## WHAT THE TASK REQUIRES
In the records below, find the line with "# Drawn here: x" and the line with "doc.units = ezdxf.units.IN"; return exactly those lines and every line between them.

Saved entries
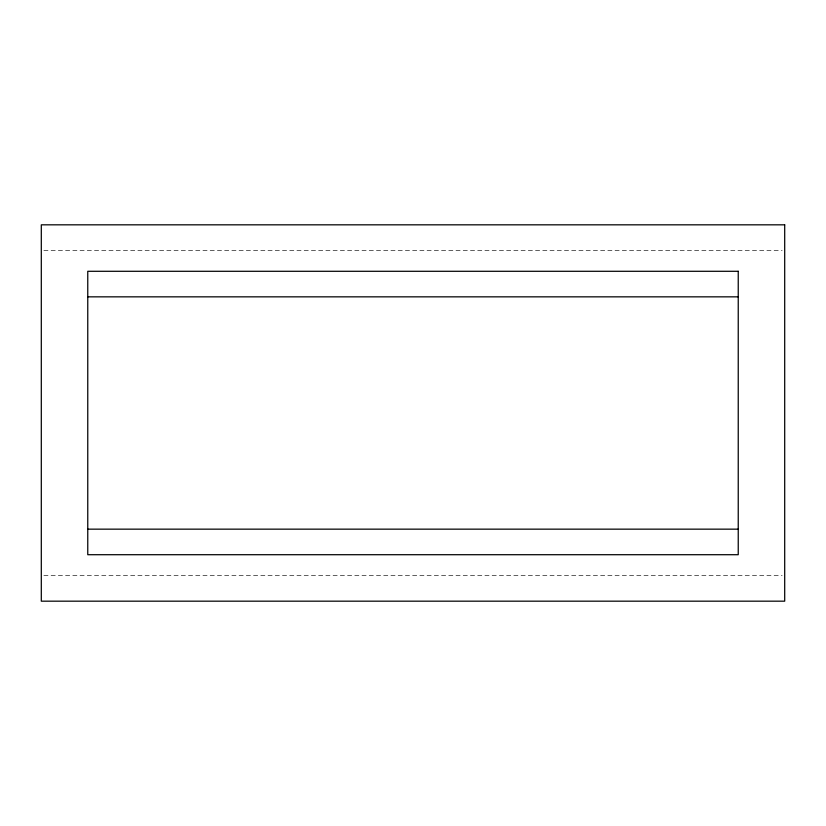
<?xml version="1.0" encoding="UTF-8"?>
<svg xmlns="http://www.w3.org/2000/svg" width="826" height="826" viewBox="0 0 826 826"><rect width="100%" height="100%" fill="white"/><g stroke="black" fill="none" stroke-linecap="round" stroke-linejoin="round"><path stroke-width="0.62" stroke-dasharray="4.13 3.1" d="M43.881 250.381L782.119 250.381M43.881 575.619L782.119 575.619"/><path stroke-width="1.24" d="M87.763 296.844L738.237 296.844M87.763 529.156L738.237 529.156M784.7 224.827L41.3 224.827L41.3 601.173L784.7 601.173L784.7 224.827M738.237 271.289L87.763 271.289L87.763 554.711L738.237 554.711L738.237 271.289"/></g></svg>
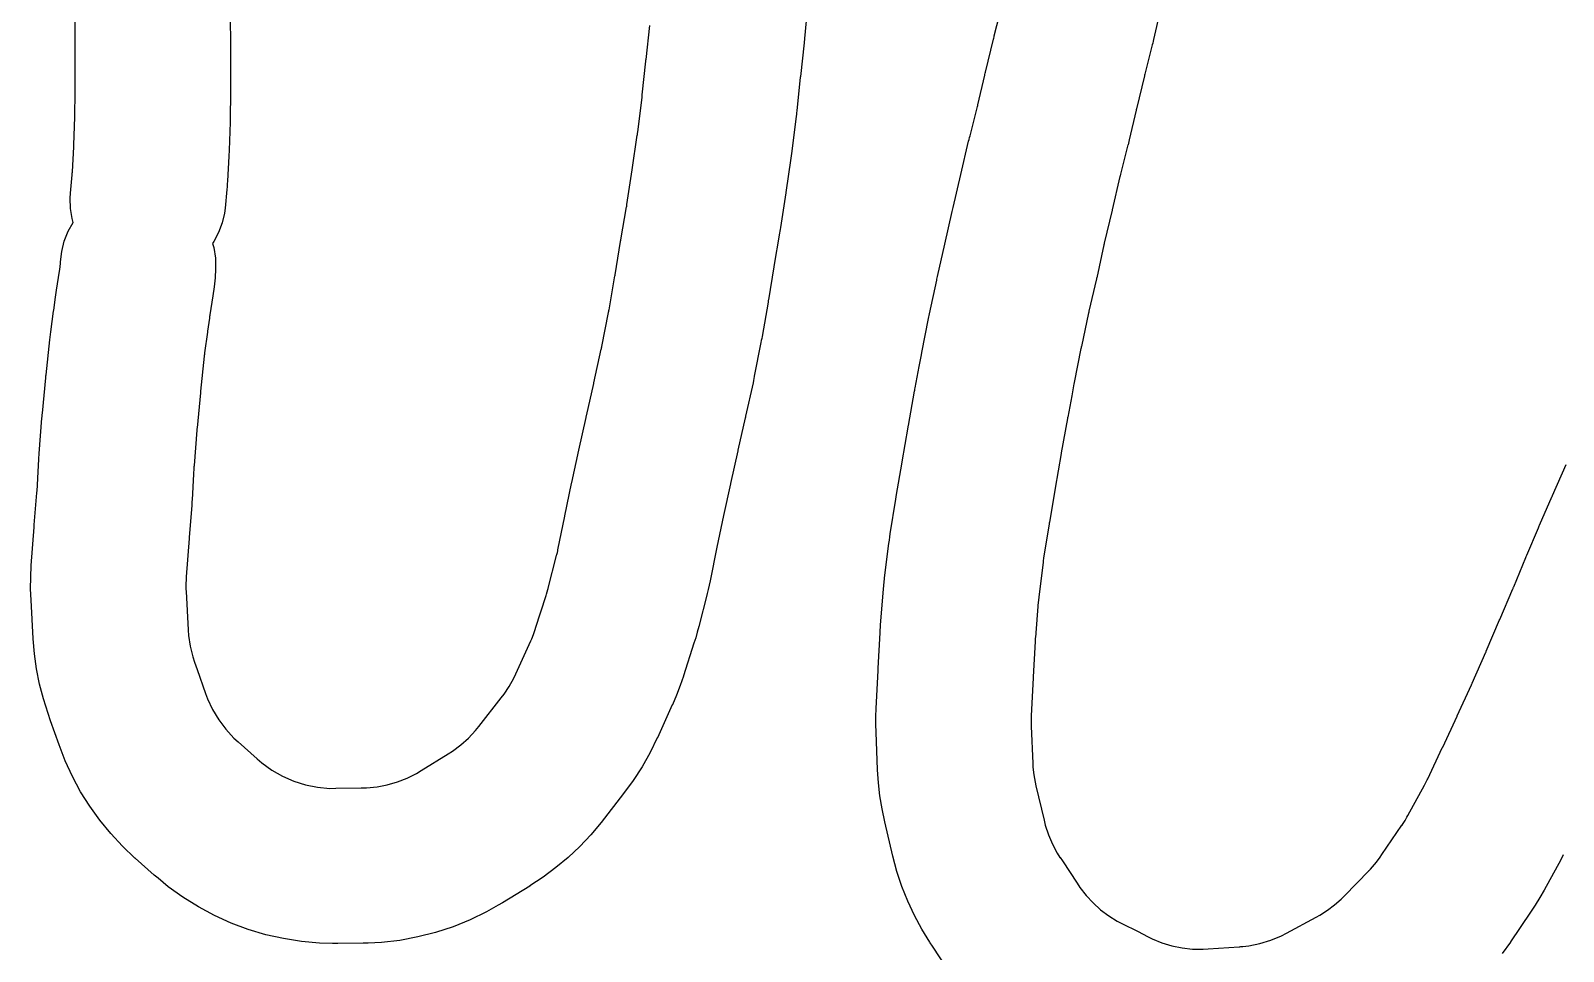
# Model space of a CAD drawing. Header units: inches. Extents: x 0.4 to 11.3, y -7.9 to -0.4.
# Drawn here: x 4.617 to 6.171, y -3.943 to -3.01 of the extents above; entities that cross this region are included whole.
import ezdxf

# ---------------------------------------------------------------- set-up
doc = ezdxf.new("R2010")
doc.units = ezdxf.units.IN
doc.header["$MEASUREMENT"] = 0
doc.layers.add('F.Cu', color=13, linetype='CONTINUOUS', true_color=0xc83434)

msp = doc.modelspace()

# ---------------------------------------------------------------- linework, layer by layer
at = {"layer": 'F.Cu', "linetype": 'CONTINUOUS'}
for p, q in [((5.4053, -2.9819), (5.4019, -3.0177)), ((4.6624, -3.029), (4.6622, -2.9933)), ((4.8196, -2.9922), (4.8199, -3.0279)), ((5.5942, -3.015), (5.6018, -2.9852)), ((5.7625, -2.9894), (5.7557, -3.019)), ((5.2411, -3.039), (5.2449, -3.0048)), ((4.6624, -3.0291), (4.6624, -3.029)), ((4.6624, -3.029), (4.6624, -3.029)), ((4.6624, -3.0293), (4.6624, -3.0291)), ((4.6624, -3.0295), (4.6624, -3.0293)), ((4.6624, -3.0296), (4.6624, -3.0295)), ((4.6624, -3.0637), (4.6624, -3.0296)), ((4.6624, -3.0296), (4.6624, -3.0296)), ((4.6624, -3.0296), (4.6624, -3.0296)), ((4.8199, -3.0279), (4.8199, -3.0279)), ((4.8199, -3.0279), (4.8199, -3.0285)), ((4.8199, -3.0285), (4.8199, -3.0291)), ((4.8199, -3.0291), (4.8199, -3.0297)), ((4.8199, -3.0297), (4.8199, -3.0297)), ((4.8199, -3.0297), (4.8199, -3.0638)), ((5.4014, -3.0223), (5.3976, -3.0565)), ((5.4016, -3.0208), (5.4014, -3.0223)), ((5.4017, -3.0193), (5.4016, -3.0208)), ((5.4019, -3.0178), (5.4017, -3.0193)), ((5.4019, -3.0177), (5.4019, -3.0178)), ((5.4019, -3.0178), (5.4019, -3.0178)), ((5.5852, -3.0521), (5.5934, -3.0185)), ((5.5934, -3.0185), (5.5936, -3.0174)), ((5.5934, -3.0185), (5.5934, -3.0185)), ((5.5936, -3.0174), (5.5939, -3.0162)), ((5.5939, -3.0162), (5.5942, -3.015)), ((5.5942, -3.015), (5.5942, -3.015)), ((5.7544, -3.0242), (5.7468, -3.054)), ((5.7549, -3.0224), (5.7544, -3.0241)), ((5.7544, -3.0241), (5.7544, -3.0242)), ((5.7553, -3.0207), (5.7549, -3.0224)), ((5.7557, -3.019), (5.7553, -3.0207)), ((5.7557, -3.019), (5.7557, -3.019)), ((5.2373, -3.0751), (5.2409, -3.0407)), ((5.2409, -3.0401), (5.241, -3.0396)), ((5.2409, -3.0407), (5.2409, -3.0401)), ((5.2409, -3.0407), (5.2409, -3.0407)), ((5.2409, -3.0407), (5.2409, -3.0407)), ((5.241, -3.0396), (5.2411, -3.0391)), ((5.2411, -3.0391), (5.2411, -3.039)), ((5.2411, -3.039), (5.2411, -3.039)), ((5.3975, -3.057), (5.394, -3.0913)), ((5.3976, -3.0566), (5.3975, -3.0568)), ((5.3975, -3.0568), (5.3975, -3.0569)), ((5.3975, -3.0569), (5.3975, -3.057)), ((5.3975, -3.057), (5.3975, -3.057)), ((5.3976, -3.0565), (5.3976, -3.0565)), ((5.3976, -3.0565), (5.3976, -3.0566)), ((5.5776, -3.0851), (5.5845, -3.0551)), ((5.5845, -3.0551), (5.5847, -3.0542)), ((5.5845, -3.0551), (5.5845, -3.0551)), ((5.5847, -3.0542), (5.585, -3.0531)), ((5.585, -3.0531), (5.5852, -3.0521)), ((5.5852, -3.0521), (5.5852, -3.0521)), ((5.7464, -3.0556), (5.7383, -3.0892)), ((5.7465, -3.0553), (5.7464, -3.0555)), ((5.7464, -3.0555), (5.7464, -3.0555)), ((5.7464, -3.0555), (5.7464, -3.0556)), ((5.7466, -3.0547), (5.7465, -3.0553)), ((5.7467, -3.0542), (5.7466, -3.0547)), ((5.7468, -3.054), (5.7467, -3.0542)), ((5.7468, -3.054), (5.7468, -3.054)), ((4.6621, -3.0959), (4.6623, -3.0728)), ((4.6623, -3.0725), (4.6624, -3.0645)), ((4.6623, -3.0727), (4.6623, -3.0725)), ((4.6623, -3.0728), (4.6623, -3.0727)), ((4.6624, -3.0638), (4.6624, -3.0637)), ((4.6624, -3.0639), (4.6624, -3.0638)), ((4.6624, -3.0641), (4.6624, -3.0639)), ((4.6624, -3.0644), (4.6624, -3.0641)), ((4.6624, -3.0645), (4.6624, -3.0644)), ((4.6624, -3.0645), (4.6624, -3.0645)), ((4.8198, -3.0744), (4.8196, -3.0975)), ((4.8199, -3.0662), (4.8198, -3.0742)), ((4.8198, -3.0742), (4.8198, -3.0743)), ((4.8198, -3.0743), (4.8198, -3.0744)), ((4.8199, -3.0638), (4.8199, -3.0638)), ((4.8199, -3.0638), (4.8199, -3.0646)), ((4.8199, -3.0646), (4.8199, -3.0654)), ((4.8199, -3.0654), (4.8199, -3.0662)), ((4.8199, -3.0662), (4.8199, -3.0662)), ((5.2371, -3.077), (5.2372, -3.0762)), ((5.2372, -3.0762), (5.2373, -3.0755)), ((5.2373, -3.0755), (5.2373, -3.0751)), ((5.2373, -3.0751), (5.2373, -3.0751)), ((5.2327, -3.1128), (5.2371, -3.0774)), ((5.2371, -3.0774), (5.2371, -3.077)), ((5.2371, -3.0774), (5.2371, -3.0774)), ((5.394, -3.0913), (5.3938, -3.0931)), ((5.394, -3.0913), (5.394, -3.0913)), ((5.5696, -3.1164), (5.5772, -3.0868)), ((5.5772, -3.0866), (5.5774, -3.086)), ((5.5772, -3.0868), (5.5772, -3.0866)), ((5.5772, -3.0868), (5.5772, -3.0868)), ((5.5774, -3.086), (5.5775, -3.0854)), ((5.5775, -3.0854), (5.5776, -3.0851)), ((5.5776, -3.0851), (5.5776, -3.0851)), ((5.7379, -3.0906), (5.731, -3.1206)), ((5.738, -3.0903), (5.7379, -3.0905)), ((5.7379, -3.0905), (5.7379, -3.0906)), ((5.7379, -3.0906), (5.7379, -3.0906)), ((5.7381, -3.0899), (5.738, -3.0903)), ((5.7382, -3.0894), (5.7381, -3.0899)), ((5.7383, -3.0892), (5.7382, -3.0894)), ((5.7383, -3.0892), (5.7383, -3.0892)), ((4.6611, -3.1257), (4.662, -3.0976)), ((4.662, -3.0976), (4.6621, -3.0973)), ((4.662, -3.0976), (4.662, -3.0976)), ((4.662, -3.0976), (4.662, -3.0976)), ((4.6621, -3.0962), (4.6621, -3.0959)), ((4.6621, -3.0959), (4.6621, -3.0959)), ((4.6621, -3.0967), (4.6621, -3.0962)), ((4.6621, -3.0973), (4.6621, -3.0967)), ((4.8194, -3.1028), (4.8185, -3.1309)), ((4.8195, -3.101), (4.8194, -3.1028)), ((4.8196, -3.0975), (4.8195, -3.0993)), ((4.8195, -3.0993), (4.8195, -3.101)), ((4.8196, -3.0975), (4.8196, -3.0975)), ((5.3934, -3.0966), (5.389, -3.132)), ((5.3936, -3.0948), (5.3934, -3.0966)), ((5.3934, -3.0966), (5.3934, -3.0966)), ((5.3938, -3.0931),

## SOLUTION FOR THIS EXERCISE
# Drawn here: x 4.617 to 6.171, y -3.943 to -3.01 of the extents above; entities that cross this region are included whole.
import ezdxf

# ---------------------------------------------------------------- set-up
doc = ezdxf.new("R2010")
doc.units = ezdxf.units.IN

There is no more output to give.